The letter argues that the courts likely won’t even hear a legal challenge to this, since it’s a “paradigmatic political question.” It shrewdly quotes an old opinion along these lines from Viet Dinh, a lawyer under President George W. Bush who is now the Fox Corp.’s chief legal officer and a major power player there, so it’ll be interesting to see how Fox covers this.

Opponents make many other arguments against D.C. statehood, which Paul Waldman has debunked at length. Among the silliest is the idea that doing this will benefit Democrats by adding two new senators.

That may be, but as Heather Cox Richardson notes, states have often been added for many reasons, including partisan benefit to the party adding them. And this in no way diminishes the idea that this is the right thing to do because D.C. residents are entitled to representation.

“The normative reason for it is democracy,” the University of Michigan Law School’s Leah Litman, one of the signatories, told me. Litman added that Congress is empowered to add states “to afford representation to United States citizens,” extending to them the blessings of “self-government.”
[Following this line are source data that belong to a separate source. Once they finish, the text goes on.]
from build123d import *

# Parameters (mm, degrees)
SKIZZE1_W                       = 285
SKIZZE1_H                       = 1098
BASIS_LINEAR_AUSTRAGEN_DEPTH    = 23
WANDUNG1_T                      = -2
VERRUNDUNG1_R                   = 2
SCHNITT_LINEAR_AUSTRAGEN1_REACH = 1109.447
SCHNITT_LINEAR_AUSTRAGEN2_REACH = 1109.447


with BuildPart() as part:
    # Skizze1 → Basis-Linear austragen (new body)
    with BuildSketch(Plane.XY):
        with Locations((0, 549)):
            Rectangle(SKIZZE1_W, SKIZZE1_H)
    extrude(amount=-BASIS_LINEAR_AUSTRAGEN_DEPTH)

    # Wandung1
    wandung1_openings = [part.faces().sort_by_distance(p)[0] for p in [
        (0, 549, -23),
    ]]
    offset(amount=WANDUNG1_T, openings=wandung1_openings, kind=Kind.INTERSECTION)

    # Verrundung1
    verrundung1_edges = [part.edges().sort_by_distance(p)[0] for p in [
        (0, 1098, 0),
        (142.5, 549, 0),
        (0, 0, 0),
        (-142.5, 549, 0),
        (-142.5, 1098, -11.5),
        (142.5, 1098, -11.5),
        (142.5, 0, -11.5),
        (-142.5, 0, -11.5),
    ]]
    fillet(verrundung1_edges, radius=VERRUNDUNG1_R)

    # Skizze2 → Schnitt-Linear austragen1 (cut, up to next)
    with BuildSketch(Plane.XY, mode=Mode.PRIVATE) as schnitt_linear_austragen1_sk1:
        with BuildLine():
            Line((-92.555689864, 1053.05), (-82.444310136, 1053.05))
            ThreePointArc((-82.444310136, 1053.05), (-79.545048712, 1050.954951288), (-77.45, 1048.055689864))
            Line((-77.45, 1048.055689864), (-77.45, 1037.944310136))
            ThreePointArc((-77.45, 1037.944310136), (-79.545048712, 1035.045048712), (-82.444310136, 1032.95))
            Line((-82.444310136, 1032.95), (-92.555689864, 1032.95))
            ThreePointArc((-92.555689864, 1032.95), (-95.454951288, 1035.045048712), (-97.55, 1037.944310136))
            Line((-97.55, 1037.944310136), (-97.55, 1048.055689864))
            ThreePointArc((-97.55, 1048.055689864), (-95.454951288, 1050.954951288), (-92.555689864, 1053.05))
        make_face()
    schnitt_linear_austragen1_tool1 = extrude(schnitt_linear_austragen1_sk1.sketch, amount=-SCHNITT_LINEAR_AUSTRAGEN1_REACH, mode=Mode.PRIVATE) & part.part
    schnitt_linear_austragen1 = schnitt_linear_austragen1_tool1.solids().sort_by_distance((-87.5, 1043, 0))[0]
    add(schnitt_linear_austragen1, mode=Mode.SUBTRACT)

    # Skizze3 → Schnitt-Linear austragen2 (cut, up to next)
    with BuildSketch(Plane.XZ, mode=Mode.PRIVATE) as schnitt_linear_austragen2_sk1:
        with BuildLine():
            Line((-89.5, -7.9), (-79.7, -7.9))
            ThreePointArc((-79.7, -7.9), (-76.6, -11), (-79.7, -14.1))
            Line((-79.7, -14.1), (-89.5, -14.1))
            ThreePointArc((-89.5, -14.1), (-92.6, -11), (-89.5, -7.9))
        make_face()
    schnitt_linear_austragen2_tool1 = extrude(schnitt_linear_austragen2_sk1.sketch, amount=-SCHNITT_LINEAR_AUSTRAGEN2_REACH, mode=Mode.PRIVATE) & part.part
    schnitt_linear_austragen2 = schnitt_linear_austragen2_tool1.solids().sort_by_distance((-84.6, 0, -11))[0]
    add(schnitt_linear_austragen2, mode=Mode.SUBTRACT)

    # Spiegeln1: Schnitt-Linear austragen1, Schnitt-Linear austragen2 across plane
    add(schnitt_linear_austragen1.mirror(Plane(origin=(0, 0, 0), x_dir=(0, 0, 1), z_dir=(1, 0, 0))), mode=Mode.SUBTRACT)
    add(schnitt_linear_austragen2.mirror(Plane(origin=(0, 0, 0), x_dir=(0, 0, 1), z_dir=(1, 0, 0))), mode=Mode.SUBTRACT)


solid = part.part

Indeed, that objection itself confirms the real reason Republicans are opposed. It would add representation for a large number of Americans who overwhelmingly vote Democratic (and also happen to be urban and majority-minority).

Whether it’s D.C. statehood, or reforming the filibuster crippling legislative action to address big public problems, or safeguarding voting rights against escalating restrictions on them, Democrats have a tight window for undertaking major rebalancing reforms. And act they must.